## WHAT TO DO
Lift out, unaltered, the lines of the material below between the line holding "color=color, linetype=linetype, lineweight=lineweight)" and the line holding "blk = doc.blocks.new('GEWAN_A_UPPER_LEFT')", counting both.

━━━━━ SUPPLIED DATA ━━━━━

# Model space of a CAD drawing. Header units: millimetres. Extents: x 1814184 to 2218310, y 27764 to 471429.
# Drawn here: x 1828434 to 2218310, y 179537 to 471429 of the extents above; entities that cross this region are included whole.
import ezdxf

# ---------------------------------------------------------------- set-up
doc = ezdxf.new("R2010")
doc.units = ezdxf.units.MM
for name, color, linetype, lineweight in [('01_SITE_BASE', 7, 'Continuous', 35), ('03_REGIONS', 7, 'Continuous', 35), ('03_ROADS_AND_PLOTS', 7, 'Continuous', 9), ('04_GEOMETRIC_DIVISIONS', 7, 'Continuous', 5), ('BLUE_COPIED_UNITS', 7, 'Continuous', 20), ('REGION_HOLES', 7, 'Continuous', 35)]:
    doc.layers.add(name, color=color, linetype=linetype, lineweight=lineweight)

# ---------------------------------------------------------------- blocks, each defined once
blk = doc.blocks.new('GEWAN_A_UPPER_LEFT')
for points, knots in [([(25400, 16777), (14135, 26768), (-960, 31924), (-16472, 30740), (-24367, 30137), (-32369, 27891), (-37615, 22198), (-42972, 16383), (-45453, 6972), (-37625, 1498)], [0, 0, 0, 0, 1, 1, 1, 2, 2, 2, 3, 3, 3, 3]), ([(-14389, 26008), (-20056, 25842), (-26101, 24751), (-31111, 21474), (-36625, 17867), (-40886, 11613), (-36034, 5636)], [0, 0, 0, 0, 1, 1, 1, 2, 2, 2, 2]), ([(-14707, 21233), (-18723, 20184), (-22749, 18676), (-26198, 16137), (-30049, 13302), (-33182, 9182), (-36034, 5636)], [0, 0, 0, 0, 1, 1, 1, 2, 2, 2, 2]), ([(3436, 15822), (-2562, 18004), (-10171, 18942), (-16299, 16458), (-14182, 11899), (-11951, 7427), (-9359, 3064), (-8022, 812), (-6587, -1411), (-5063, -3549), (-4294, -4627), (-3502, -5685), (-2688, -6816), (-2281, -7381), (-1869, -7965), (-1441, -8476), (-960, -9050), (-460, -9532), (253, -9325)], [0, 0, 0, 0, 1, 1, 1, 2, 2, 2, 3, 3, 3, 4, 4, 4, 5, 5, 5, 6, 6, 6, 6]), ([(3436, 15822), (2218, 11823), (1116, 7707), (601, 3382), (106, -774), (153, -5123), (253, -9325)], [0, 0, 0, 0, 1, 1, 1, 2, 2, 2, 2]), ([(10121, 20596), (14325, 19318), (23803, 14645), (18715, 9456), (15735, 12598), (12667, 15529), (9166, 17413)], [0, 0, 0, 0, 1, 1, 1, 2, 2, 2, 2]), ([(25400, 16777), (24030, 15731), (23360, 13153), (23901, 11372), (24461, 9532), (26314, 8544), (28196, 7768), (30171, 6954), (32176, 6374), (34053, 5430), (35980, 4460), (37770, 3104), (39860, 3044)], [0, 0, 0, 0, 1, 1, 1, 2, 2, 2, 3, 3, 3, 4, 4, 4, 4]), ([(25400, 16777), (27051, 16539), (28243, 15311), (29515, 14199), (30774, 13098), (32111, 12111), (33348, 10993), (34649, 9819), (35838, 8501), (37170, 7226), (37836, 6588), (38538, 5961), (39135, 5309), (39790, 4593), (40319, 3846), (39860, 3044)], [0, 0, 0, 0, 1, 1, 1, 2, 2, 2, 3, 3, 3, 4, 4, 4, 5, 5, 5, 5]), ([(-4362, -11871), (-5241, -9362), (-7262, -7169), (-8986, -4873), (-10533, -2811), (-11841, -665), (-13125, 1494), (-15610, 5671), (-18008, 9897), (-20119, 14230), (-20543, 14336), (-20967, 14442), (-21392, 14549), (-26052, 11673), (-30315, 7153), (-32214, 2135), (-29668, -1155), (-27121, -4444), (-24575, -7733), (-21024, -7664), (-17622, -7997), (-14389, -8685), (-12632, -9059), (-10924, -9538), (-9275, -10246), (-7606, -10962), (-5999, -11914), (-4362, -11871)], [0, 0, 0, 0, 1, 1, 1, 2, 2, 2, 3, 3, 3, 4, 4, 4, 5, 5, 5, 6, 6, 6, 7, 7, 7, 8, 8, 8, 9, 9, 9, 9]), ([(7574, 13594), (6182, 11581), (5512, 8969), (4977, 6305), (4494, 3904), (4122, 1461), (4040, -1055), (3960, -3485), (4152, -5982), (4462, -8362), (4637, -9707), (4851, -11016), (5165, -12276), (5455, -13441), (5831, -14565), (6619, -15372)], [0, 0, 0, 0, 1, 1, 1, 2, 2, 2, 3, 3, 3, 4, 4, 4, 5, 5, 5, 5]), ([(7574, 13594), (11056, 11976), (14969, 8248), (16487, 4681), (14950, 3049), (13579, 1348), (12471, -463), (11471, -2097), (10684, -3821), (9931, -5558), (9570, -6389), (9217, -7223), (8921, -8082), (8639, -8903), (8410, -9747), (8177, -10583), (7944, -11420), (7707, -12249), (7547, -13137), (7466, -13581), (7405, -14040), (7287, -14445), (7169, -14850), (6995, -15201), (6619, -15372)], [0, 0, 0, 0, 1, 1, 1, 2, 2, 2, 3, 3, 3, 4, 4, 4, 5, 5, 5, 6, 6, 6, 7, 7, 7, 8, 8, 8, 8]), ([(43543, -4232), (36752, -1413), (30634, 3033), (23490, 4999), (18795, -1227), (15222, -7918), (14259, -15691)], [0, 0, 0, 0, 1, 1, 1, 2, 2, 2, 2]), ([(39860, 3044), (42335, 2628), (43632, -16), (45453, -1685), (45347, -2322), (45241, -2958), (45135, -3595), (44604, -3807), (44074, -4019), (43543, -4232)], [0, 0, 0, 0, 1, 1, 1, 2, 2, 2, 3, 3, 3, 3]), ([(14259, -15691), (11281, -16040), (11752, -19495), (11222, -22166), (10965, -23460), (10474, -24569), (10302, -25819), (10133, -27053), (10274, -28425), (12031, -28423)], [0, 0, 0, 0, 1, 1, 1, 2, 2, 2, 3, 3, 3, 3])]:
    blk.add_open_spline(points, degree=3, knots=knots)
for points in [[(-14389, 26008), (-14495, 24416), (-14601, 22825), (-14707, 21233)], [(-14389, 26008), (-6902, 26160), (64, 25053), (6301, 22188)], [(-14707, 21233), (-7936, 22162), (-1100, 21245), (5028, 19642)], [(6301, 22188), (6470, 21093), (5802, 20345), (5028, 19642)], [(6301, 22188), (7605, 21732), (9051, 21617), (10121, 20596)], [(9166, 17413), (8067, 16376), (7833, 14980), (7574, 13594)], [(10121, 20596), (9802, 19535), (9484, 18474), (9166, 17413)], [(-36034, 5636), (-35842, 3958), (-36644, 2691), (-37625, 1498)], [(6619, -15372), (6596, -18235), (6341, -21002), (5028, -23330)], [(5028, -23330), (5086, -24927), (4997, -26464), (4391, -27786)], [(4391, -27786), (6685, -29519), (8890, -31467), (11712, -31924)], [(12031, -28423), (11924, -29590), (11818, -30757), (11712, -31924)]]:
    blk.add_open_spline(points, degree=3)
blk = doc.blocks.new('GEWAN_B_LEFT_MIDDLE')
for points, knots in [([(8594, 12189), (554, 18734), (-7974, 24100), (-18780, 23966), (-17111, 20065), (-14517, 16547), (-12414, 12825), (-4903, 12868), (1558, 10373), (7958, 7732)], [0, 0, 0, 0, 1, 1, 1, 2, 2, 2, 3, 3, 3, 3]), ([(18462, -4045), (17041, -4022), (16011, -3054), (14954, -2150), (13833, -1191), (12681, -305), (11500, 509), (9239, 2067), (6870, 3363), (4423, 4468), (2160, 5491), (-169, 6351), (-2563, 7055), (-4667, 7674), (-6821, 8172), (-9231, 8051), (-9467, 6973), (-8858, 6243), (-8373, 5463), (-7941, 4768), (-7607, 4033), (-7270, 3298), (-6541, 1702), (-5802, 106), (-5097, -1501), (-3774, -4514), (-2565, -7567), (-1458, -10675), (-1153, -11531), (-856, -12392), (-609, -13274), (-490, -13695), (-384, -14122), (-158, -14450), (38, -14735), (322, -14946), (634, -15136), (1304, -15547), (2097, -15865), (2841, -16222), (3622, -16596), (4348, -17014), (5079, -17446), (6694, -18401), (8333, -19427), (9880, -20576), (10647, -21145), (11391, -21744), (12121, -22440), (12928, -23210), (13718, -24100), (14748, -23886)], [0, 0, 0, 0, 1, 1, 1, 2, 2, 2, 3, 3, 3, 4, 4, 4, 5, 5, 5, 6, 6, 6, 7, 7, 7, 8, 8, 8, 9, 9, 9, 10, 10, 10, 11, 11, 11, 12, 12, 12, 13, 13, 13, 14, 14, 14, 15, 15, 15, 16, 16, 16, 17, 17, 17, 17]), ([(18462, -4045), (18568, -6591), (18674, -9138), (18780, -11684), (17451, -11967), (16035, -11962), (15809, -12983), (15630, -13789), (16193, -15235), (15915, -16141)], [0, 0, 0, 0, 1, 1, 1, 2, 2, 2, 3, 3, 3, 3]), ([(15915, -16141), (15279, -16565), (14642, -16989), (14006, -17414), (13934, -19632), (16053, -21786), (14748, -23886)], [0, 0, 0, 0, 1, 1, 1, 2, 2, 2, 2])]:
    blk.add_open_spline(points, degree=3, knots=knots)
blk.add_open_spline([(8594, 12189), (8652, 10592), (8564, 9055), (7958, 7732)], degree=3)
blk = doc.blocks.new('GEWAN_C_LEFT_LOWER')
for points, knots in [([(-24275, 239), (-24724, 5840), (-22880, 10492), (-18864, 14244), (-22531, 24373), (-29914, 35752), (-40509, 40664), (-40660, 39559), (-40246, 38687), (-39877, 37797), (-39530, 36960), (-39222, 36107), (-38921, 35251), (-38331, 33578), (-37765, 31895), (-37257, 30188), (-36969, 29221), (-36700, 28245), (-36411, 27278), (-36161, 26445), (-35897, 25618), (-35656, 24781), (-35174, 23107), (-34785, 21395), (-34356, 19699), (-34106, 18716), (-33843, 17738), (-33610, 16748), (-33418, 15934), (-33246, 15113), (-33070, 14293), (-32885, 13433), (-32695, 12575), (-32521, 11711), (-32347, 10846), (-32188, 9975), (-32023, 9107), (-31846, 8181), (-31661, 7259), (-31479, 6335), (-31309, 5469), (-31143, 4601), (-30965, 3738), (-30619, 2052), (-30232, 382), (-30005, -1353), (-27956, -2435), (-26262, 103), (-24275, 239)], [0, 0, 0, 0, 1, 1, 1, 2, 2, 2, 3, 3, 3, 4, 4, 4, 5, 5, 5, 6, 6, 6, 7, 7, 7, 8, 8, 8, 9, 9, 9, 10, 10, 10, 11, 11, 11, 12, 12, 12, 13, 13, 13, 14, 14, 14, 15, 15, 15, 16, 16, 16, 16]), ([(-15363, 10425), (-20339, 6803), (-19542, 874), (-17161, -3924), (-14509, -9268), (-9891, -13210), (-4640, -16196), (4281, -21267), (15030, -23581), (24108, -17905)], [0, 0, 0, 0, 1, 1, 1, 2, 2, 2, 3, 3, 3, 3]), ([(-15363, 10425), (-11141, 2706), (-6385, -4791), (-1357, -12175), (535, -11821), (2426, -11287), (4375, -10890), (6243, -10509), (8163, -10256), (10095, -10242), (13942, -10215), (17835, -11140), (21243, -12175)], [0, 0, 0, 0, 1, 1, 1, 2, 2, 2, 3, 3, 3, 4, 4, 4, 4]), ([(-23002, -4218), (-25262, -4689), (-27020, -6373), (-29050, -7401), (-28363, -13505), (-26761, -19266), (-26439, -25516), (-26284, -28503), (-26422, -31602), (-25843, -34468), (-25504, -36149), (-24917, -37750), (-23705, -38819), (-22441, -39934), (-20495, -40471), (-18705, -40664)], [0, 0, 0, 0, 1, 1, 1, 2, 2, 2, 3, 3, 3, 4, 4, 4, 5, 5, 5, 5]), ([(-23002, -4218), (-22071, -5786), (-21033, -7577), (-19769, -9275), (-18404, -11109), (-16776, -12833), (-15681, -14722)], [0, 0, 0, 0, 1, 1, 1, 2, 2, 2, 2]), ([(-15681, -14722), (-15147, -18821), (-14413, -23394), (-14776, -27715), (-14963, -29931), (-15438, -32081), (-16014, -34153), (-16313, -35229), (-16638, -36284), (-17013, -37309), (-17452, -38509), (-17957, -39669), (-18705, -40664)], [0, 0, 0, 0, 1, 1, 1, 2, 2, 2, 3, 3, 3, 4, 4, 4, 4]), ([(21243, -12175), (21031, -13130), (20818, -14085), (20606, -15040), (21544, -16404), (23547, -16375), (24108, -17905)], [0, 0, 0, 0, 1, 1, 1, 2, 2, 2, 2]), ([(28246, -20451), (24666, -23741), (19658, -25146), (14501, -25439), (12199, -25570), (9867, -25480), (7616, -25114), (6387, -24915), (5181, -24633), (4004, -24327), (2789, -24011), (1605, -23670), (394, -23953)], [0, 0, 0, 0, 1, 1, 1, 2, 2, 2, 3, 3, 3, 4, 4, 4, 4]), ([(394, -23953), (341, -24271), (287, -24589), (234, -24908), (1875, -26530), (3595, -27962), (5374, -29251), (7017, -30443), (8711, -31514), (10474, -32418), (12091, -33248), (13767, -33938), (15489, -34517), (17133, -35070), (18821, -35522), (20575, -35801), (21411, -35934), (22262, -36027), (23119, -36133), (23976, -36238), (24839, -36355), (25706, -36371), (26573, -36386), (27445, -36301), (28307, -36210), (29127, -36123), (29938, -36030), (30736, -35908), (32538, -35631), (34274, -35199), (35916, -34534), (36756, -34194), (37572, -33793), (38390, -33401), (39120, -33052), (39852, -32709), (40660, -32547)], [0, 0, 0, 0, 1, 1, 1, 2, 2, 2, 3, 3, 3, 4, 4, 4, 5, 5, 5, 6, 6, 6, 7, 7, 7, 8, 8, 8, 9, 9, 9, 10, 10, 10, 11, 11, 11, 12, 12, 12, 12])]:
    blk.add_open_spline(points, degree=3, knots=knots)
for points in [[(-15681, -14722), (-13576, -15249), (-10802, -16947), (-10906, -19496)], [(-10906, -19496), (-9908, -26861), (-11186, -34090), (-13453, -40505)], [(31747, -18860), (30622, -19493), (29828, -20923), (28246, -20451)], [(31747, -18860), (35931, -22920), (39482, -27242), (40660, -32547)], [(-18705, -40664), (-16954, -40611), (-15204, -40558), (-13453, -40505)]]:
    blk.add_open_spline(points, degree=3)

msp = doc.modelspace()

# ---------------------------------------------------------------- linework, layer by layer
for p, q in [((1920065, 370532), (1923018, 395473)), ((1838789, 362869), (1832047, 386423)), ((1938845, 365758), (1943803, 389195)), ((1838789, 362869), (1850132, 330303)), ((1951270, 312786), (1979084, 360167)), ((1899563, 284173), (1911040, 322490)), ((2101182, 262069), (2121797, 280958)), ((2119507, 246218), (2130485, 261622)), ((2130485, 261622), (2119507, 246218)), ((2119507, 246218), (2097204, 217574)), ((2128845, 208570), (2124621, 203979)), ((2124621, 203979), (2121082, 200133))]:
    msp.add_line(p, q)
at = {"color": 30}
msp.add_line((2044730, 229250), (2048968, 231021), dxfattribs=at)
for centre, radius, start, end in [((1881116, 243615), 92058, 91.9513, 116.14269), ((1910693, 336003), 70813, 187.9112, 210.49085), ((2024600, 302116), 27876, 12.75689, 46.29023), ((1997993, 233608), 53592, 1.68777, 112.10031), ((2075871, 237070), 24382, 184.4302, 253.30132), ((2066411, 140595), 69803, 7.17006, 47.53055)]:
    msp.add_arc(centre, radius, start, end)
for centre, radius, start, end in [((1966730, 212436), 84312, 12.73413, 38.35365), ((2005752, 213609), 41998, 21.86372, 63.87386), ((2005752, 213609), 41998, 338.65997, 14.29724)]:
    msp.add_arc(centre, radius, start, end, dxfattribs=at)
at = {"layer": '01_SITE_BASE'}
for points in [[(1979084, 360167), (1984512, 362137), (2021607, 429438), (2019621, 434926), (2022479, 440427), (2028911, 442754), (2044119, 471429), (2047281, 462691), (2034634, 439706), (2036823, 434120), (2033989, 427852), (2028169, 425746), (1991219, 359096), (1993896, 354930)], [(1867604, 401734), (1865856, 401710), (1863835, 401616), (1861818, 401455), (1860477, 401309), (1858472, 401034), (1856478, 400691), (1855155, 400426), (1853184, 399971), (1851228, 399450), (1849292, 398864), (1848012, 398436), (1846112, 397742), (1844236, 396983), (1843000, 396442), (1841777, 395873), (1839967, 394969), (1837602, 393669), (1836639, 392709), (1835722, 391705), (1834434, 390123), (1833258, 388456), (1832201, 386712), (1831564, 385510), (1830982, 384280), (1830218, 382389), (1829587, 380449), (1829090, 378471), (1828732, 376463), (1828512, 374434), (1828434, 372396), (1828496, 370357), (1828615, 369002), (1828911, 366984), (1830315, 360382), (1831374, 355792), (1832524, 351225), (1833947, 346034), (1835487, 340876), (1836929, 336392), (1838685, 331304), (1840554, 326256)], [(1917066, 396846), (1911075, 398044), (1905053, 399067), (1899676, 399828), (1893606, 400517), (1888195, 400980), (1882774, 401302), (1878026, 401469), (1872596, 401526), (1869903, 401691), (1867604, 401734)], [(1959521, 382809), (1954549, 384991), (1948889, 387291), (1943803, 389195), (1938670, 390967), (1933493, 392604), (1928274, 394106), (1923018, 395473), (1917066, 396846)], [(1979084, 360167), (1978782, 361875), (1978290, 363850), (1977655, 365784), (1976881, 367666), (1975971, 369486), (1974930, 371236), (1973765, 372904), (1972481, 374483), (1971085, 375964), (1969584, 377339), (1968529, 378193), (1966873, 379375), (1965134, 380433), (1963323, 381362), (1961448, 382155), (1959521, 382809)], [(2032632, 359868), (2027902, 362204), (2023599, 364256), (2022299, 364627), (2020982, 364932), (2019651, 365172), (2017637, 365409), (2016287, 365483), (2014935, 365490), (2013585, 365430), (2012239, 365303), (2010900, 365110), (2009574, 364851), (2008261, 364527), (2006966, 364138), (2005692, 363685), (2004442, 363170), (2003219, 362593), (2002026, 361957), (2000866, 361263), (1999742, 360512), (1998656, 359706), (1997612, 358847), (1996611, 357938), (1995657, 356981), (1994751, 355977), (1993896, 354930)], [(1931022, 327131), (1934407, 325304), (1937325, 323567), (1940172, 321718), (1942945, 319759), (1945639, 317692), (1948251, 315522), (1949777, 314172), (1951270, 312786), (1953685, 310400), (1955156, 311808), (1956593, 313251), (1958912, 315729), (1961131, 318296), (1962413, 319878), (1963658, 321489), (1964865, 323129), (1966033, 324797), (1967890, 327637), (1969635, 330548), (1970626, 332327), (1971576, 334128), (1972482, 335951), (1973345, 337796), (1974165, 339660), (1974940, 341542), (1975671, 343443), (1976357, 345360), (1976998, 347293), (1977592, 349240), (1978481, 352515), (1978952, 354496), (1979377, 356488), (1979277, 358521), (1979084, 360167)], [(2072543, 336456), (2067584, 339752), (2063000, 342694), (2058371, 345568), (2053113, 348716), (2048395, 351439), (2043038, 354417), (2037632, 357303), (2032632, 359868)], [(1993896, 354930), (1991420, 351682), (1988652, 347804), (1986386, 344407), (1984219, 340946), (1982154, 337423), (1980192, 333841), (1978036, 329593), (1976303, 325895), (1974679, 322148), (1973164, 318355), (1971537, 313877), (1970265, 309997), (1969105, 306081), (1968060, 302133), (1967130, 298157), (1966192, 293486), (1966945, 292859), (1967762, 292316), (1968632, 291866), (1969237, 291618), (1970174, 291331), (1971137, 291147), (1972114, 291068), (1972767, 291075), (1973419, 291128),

━━━━━

## RESULT OF THIS TASK
    doc.layers.add(name, color=color, linetype=linetype, lineweight=lineweight)

# ---------------------------------------------------------------- blocks, each defined once
blk = doc.blocks.new('GEWAN_A_UPPER_LEFT')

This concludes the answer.